I Am Love
Directed by: Luca Guadagnino
Written by: Luca Guadagnino
Starring: Tilda Swinton, Flavio Parente, Edoardo Gabbriellini, and Alba Rohrwacher
Amid the beautiful interiors, finely prepared meals, and meticulously planned out wardrobes, a human element emerges. I Am Love, the beautifully written, filmed, and acted drama from Luca Guadagnino, is obsessed not only with its elegant, finely tuned surface, but the emotions that boil just beneath it as well.
The age of the horrific Katherine Heigl rom-com doesn’t exist yet in this film, which chronicles the Recchis, a wealthy Italian family, and the Russian black sheep who married into it at the turn of the millennium. Every day, Emma (Tilda Swinton) must suit up in a differently colored, yet similar-looking dress and perform the functions of an everyday aristocrat.
Her complacency and contentedness is so convincing at first that when actual glee emerges at the opportunity to try her hand at cooking with the new house chef Antonio (Edoardo Gabbriellini), it’s almost shocking. The events that follow, an intensely passionate affair with this cook, actually is shocking.
There is simply no actress working today who could’ve given Emma such a sublime characterization as Tilda Swinton. Her continuing triumphs further cement her place among the greatest performers working today. She follows up her role in Julia, where she played an extroverted alcoholic with rage issues, with this finely tuned, subtle performance, which also has her speaking flawless Italian with a disguised Russian dialect.
The Academy awarded her for Michael Clayton and snubbed her for Julia, they need to at least give her a nomination for this. You believe her in any situation the movie places her in, and that her relationships with all the characters could exist off-screen as well.
Also great is Flavio Parente as Emma’s son Edoardo. The movie’s time line finds him in the act of becoming another black sheep in the family, and his character’s tragic arc is compelling because of Parente’s restrained performance.
The only other standout is Edoardo Gabbriellini as Antonio. You can feel the sparks between the two fly from their initial meeting, to their excursion in the mountains. The rest of the cast blends in perfectly with the world this movie creates, which isn’t really a compliment to them as much as the director.
Audiences have certain expectations of romantic films, which Mr. Guadagnino is more than happy to subvert. The key difference between I Am Love and almost any other modern romance is its insistence on keeping it real rather than pummeling the audience with clever dialogue. Here, insight comes from action and reaction.
The conventions of the plot, which at its simplest sounds like an Italian version of American Beauty combined with Atonement, are overshadowed by the terrifically paced screenplay and the beautifully photographed sets and exteriors.
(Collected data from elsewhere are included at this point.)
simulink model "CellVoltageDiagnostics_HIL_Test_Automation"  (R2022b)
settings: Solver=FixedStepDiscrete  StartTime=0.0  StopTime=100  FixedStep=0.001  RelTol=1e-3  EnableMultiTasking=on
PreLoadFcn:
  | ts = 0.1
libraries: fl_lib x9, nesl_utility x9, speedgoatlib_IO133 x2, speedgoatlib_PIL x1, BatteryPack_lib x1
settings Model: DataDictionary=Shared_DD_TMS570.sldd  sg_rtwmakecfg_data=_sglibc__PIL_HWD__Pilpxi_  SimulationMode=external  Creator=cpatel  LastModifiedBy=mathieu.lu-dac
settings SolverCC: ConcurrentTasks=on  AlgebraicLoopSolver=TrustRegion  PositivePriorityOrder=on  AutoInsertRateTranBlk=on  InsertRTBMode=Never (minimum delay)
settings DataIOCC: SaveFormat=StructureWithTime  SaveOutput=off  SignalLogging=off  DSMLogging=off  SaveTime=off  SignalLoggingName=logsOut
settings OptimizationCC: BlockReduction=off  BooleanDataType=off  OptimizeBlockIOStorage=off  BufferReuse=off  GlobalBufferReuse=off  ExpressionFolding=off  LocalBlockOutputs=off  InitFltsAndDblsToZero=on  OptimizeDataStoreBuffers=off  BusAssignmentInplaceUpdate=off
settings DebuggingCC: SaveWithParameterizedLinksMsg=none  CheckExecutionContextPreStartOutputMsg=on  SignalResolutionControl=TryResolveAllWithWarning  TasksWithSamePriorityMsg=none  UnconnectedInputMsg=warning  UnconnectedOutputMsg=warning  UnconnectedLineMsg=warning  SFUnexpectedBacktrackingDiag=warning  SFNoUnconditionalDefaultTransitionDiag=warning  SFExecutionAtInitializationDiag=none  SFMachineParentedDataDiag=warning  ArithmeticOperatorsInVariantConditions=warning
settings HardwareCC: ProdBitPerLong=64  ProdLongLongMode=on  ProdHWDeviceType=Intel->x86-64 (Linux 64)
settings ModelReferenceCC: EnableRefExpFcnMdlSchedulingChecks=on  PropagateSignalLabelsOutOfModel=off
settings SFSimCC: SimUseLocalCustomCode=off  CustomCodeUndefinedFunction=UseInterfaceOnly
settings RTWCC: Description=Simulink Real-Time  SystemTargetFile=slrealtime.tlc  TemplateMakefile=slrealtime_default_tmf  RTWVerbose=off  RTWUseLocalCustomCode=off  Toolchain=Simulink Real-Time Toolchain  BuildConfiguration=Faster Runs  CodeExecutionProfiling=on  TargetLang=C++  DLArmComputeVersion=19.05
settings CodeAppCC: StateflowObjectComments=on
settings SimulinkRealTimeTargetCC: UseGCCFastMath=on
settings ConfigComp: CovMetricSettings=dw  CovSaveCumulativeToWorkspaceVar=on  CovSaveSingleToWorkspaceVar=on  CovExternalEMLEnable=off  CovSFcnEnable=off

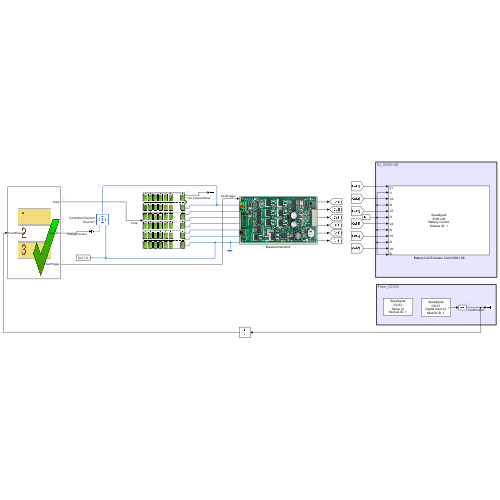
[thumbnail: Simulink's stored preview of the top-level diagram]
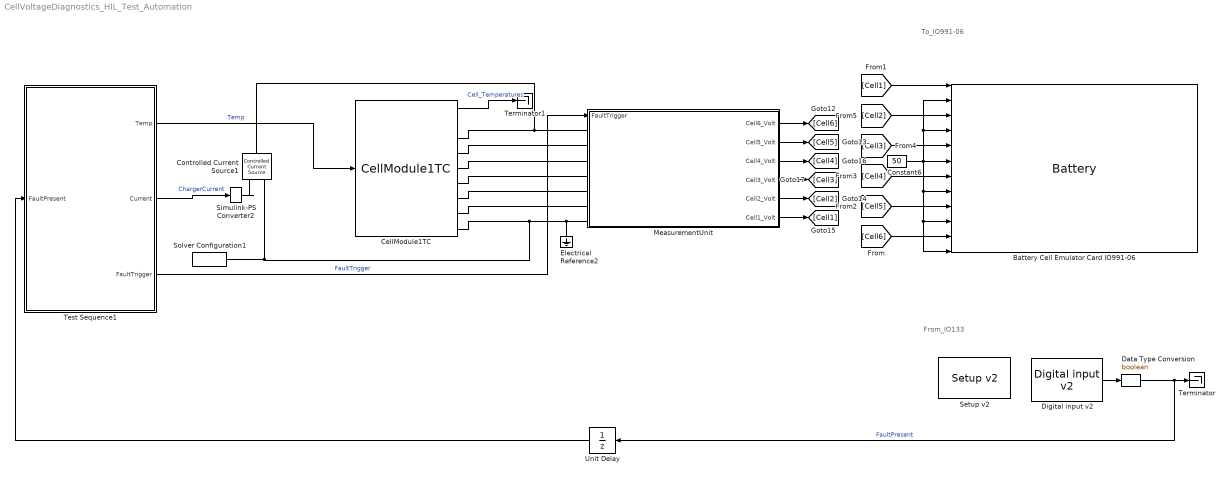
== system CellVoltageDiagnostics_HIL_Test_Automation ==
  note: To_IO991-06
  note: From_IO133
  Battery Cell Emulator Card IO991-06 : speedgoatlib_PIL/Battery  id=1  card_type=IO991-06 (6 channels, 0-7V output, 300mA source, 100mA sink)  channel_vector=[1,2,3,4,5,6]  init_enable_vector=ones(1,6)  reset_enable_vector=ones(1,6)  init_voltage_vector=3.6*ones(1,6)  reset_voltage_vector=ones(1,6)  init_current_vector=[0]  reset_current_vector=[0]  show_input_enable=off  show_output=off  ts=ts  slot=[6,15]  VendorID=0  SubVendorID=0  DeviceID=0  SubDeviceID=0  category=1  NumCh=0  MinVout=0  MaxVout=0  MinIsink=0  MaxIsink=0  mask(IOPIL_battery){}
      settings: SourceProductName=Simulink Real-Time: Speedgoat I/O Blockset
  CellModule1TC : BatteryPack_lib/CellModule1TC  SystemSampleTime=-1  VariantActivationTime=update diagram  Latency=0  AutoFrameSizeCalculation=off
      mask Display:
      | % This is a new mask on top of the base mask.
      | % Use "View base mask" link below to see the base mask.
      | image('BatteryPack.png');
  Constant6 : Constant  Value=50
  Controlled Current Source1 : fl_lib/Electrical/Electrical Sources/Controlled Current Source
      settings: LogSimulationData=on
  Data Type Conversion : DataTypeConversion  OutDataTypeStr=boolean  SaturateOnIntegerOverflow=off  RndMeth=Floor
  "Digital input v2 " : speedgoatlib_IO133/Digital input v2   parModuleId=1  parSampleTime=0.1  parPciSlot=-1  parDiChannels=1
      settings: SourceProductName=Simulink Real-Time: Speedgoat I/O Blockset
  Electrical Reference2 : fl_lib/Electrical/Electrical Elements/Electrical Reference
  MeasurementUnit : Subsystem
      mask Display: image('TCU.png');
  "Setup v2 " : speedgoatlib_IO133/Setup v2   parPciSlot=-1  parModuleId=1  parInterModuleSync=None  parConvClockBaseRate=20MHz  parConvClock1Divider=20000  parConvClock2Divider=20000  parFrameTriggerEnable=off  parFrameTriggerDivider=10  parConvClock1BaseRate=1  parConvClock2BaseRate=1  parFrameTriggerClock=1  parAdcChannels=[]  parAdcRange1=+-5V  parAdcRange2=+-5V  parAdcVoltageRange=[1 1]  parAdcOversampling1=None  parAdcOversampling2=None  parAdcOversamplRate=[1 1]  parAdcAutoCorrection=on  parAdcContSampling=off  parAdcDmaEnable=off  parAdcDmaClock=Clock 1  parAdcFrameSize_=100  parAdcSampleTime_=-1  parAdcActiveDmaDevices=[1 1]  parAdcFrameTriggerEnable=0  parAdcFrameSize=100  parAdcSampleTime=0.1  parDacChannels=[1]  parDacInitValues=0  parDacReset=1  parDacRange1=0-5V  parDacRange2=0-5V  parDacRange3=0-5V  parDacRange4=0-5V  parDacRange5=0-5V  parDacRange6=0-5V  parDacRange7=0-5V  parDacRange8=0-5V  parDacVoltageRange=[1 1 1 1 1 1 1 1]  parDacAutoCorrection=on  parDacSyncOut=on  parDacDmaEnable=off  parDacDmaLatency=Until next frame  parDacDmaClock=Clock 1  parDacFrameSize_=100  parDacSampleTime_=-1  parDacActiveDmaDevices=[1 1]  parDacFrameTriggerEnable=0  parDacFrameSize=100  parDacSampleTime=0.1  parDoChannels=[]  parDoInitValues=0  parDoReset=0  parDiChannels=[1]  parDiDebounceEnable=off  parDiDebounceTime=0  parDiDebounceValue=0  parDioPullRefFront=Pull-up 3.3V  parDioPullRefRear=Floating
      settings: SourceProductName=Simulink Real-Time: Speedgoat I/O Blockset
  Simulink-PS Converter2 : nesl_utility/Simulink-PS Converter  PhysicalDomain=network_engine_domain  SubClassName=ps_input  LeftPortType=input  RightPortType=output  PseudoPeriodic=off  Frequencies=[]  NoiseDistribution=none  NoiseParameters=[]  Unit=1  AffineConversion=off  FilteringAndDerivatives=zero  SimscapeFilterOrder=1  InputFilterTimeConstant=0.001  UdotUserProvided=1
  Solver Configuration1 : nesl_utility/Solver Configuration  PhysicalDomain=network_engine_domain  SubClassName=solver  LeftPortType=input  RightPortType=generic  Tones=[]  Harmonics=[]  SimulateNoise=off  Profile=off  UseLocalSampling=off  EnableSwitchedLinearOptims=on  FrequencyDomain=off  UseCCode=off  RelTol=0.001  AbsTol=1e-06  MinStep=1e-09  ToWorkspace=off  RevertToSquareIcSolve=off  NumHomotopyIterations=100  PhasorMode=off  PhasorModeNumHarmonics=1  ConsistencySolver=NEWTON_FTOL  IndexReductionMethod=DerivativeReplacement  DoDC=off  ResidualTolerance=1e-09  ConsistencyTolSource=GLOBAL  ConsistencyAbsTol=0.001  ConsistencyRelTol=0.001  ConsistencyTolFactor=0.001  UseLocalSolver=on  LocalSolverChoice=NE_BACKWARD_EULER_ADVANCER  ResolveIndetEquations=on  FunctionEvalNumThread=1  LocalSolverSampleTime=ts  DoFixedCost=on  MaxNonlinIter=3  MaxModeIter=2  ComputeImpulses=off  ImpulseIterations=2  LinearAlgebra=auto  LinearAlgebraNumThread=0  EquationFormulation=NE_TIME_EF  DelaysMemoryBudget=1024  AutomaticFiltering=off  FilteringTimeConstant=0.001  PartitionStorageMethod=AS_NEEDED  PartitionMemoryBudget=1024  PartitionMethod=FAST
  Terminator : Terminator
  Terminator1 : Terminator
  Test Sequence1 : Test Sequence  TreatAsAtomicUnit=on
  Unit Delay : UnitDelay  SampleTime=-1  HasFrameUpgradeWarning=on
  wires:
  Data Type Conversion/1 -> Unit Delay/1, Terminator/1  "FaultPresent"
  "Digital input v2 "/1 -> Data Type Conversion/1
  Constant6/1 -> Battery Cell Emulator Card IO991-06/2, Battery Cell Emulator Card IO991-06/4, Battery Cell Emulator Card IO991-06/6, Battery Cell Emulator Card IO991-06/12, Battery Cell Emulator Card IO991-06/10, Battery Cell Emulator Card IO991-06/8
  [Cell6] -> Battery Cell Emulator Card IO991-06/11
  [Cell1] -> Battery Cell Emulator Card IO991-06/1
  [Cell5] -> Battery Cell Emulator Card IO991-06/9
  [Cell4] -> Battery Cell Emulator Card IO991-06/7
  [Cell3] -> Battery Cell Emulator Card IO991-06/5
  [Cell2] -> Battery Cell Emulator Card IO991-06/3
  Unit Delay/1 -> Test Sequence1/1(FaultPresent)
  MeasurementUnit/6(Cell1_Volt) -> [Cell1]
  MeasurementUnit/5(Cell2_Volt) -> [Cell2]
  CellModule1TC/1 -> Terminator1/1  "Cell_Temperatures"
  MeasurementUnit/3(Cell4_Volt) -> [Cell4]
  Test Sequence1/3(FaultTrigger) -> MeasurementUnit/1(FaultTrigger)  "FaultTrigger"
  Test Sequence1/2(Current) -> Simulink-PS Converter2/1  "ChargerCurrent"
  MeasurementUnit/2(Cell5_Volt) -> [Cell5]
  Test Sequence1/1(Temp) -> CellModule1TC/1  "Temp"
  MeasurementUnit/1(Cell6_Volt) -> [Cell6]
  MeasurementUnit/4(Cell3_Volt) -> [Cell3]
  connections:
  CellModule1TC/RConn7 -- Solver Configuration1/RConn1 -- Controlled Current Source1/RConn2 -- Electrical Reference2/LConn1 -- MeasurementUnit/LConn7
  MeasurementUnit/LConn1 -- CellModule1TC/RConn1 -- Controlled Current Source1/LConn1
  CellModule1TC/RConn4 -- MeasurementUnit/LConn4
  CellModule1TC/RConn3 -- MeasurementUnit/LConn3
  CellModule1TC/RConn6 -- MeasurementUnit/LConn6
  Simulink-PS Converter2/RConn1 -- Controlled Current Source1/RConn1
  CellModule1TC/RConn2 -- MeasurementUnit/LConn2
  CellModule1TC/RConn5 -- MeasurementUnit/LConn5

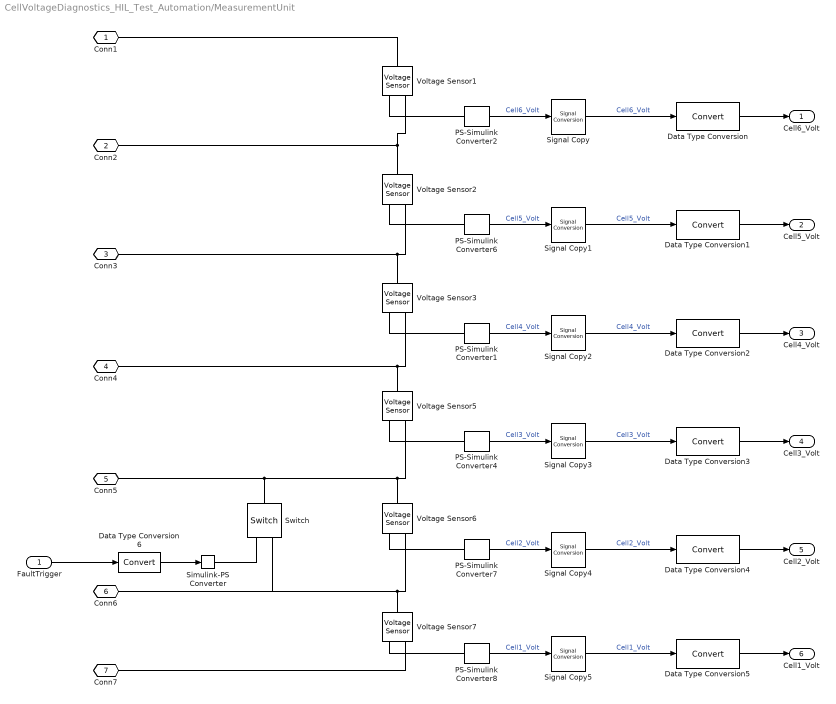
== system CellVoltageDiagnostics_HIL_Test_Automation/MeasurementUnit ==
  FaultTrigger : Inport
  Data Type Conversion{,1..6} (7 alike) : DataTypeConversion  SaturateOnIntegerOverflow=off  RndMeth=Floor
  PS-Simulink Converter{1..2,4,6..8} (6 alike) : nesl_utility/PS-Simulink Converter  PhysicalDomain=network_engine_domain  SubClassName=ps_output  LeftPortType=input  RightPortType=output  PseudoPeriodic=off  Frequencies=[]  VectorFormat=1-D array  Unit=V  AffineConversion=off
  Signal Copy{,1..5} (6 alike) : SignalConversion  OverrideOpt=off
  Simulink-PS Converter : nesl_utility/Simulink-PS Converter  PhysicalDomain=network_engine_domain  SubClassName=ps_input  LeftPortType=input  RightPortType=output  PseudoPeriodic=off  Frequencies=[]  NoiseDistribution=none  NoiseParameters=[]  Unit=1  AffineConversion=off  FilteringAndDerivatives=provide  SimscapeFilterOrder=1  InputFilterTimeConstant=0.001  UdotUserProvided=0
  Switch : fl_lib/Electrical/Electrical Elements/Switch  R_closed=0.01 Ohm  G_open=1e-8 1/Ohm  Threshold=0.5  i_specify=off  i_priority=None  i=0 A  i_nominal_specify=off  i_nominal_unit=A  i_nominal_value=1  v_specify=off  v_priority=None  v=0 V  v_nominal_specify=off  v_nominal_unit=V  v_nominal_value=1
  Voltage Sensor{1..3,5..7} (6 alike) : fl_lib/Electrical/Electrical Sensors/Voltage Sensor
  Conn1 : PMIOPort  Side=Left
  Conn2 : PMIOPort  Port=2  Side=Left
  Conn3 : PMIOPort  Port=3  Side=Left
  Conn4 : PMIOPort  Port=4  Side=Left
  Conn5 : PMIOPort  Port=5  Side=Left
  Conn6 : PMIOPort  Port=6  Side=Left
  Conn7 : PMIOPort  Port=7  Side=Left
  Cell6_Volt : Outport  VectorParamsAs1DForOutWhenUnconnected=off
  Cell5_Volt : Outport  Port=2  VectorParamsAs1DForOutWhenUnconnected=off
  Cell4_Volt : Outport  Port=3  VectorParamsAs1DForOutWhenUnconnected=off
  Cell3_Volt : Outport  Port=4  VectorParamsAs1DForOutWhenUnconnected=off
  Cell2_Volt : Outport  Port=5  VectorParamsAs1DForOutWhenUnconnected=off
  Cell1_Volt : Outport  Port=6  VectorParamsAs1DForOutWhenUnconnected=off
  wires:
  PS-Simulink Converter1/1 -> Signal Copy2/1  "Cell4_Volt"
  PS-Simulink Converter7/1 -> Signal Copy4/1  "Cell2_Volt"
  PS-Simulink Converter2/1 -> Signal Copy/1  "Cell6_Volt"
  PS-Simulink Converter4/1 -> Signal Copy3/1  "Cell3_Volt"
  PS-Simulink Converter8/1 -> Signal Copy5/1  "Cell1_Volt"
  PS-Simulink Converter6/1 -> Signal Copy1/1  "Cell5_Volt"
  Data Type Conversion/1 -> Cell6_Volt/1
  Data Type Conversion1/1 -> Cell5_Volt/1
  Data Type Conversion2/1 -> Cell4_Volt/1
  Data Type Conversion3/1 -> Cell3_Volt/1
  Data Type Conversion5/1 -> Cell1_Volt/1
  Data Type Conversion4/1 -> Cell2_Volt/1
  FaultTrigger/1 -> Data Type Conversion6/1
  Data Type Conversion6/1 -> Simulink-PS Converter/1
  Signal Copy/1 -> Data Type Conversion/1  "Cell6_Volt"
  Signal Copy1/1 -> Data Type Conversion1/1  "Cell5_Volt"
  Signal Copy2/1 -> Data Type Conversion2/1  "Cell4_Volt"
  Signal Copy3/1 -> Data Type Conversion3/1  "Cell3_Volt"
  Signal Copy4/1 -> Data Type Conversion4/1  "Cell2_Volt"
  Signal Copy5/1 -> Data Type Conversion5/1  "Cell1_Volt"
  connections:
  PS-Simulink Converter2/LConn1 -- Voltage Sensor1/RConn1
  Voltage Sensor2/LConn1 -- Voltage Sensor1/RConn2 -- Conn2/RConn1
  Voltage Sensor6/RConn2 -- Voltage Sensor7/LConn1 -- Conn6/RConn1 -- Switch/RConn2
  Voltage Sensor5/RConn1 -- PS-Simulink Converter4/LConn1
  Voltage Sensor7/RConn1 -- PS-Simulink Converter8/LConn1
  Voltage Sensor5/LConn1 -- Voltage Sensor3/RConn2 -- Conn4/RConn1
  Conn5/RConn1 -- Voltage Sensor6/LConn1 -- Voltage Sensor5/RConn2 -- Switch/LConn1
  Voltage Sensor3/LConn1 -- Voltage Sensor2/RConn2 -- Conn3/RConn1
  Voltage Sensor6/RConn1 -- PS-Simulink Converter7/LConn1
  Voltage Sensor2/RConn1 -- PS-Simulink Converter6/LConn1
  Voltage Sensor3/RConn1 -- PS-Simulink Converter1/LConn1
  Voltage Sensor1/LConn1 -- Conn1/RConn1
  Voltage Sensor7/RConn2 -- Conn7/RConn1
  Switch/RConn1 -- Simulink-PS Converter/RConn1

== stateflow chart CellVoltageDiagnostics_HIL_Test_Automation/Test Sequence1 ==
  state Init
    Temp = 295;
    Current = 0;
    FaultTrigger = 0;
  state TestCase1
    Temp = 295;
    Current = 0;
    FaultTrigger = 0;
    state step_1_1
      Current = 20;
      verify(FaultPresent == true,'Battery Fault Due to OverVoltage')
    state step_1_2
      Current = -20
      verify(FaultPresent == false,'Battery Fault Due to UnderVoltage')
    (default) -> step_1_1
    step_1_1 -> step_1_2 : [after(5,sec)
        | ]
  state TestCase2
    Temp = 295;
    Current = -20;
    FaultTrigger = 0;
    state step_6
      FaultTrigger = 1;
      verify(FaultPresent == false,'Battery Fault Due to Short Terminal')
    state step_7
      verify(FaultPresent == true,'Battery Fault Due to Short Terminal')
    (default) -> step_6
    step_6 -> step_7 : [
        | after(1,sec)
        | ]
  (default) -> Init
  Init -> (junction 109) [order 2] : [TestCase == 2
      | ]
  (junction 109) -> (junction 73)
  Init -> TestCase1 [order 1] : [TestCase == 1
      | ]
  (junction 73) -> TestCase2
  data: Temp output; Current output; FaultTrigger output; FaultPresent input; TestCase parameter

Emma is at a midlife crisis, one that she doesn’t discover until Antonio slyly lures her away to the site where he and her son Edoardo (Flavio Parente) will build a restaurant. Then, the frame in complete blur so that we can only see the character’s outlines, they merge and become one.
The sexual odyssey and mission of reclaiming lost identity in the movie’s second half lies in stark contrast to the first, where everything remains finely veneered and almost too perfect. The clashing of these two worlds are connected by not only the protagonist, but food as well.
Food is sex, and by extension love in this film. It is a meal of prawns, shown in an astonishingly erotic extreme close-up sequence, that lets Emma know her heart’s desire. From there, it’s only a matter of time before her bourgeois hypnosis wears off.
Mapping out this entire movie and talking about its visuals simply doesn’t do it justice. Guadagnino, who also wrote the screenplay, creates a world filled with beautiful paintings, architecture, and music (the score for this movie also deserves an Oscar nomination.) Inside this canvas he creates a thouroughly convincing and compellingly offbeat drama, one that many audiences won’t recognize as a love story simply because of the evil spell Hollywood has cast over them.
I Am Love is that rare movie that you can relate to simply because you’re human. It’s about the struggle to claim an identity in a world that hands you one, and the quest to find happiness and fulfillment among the others who, though they may not know it yet, are looking for the exact same thing.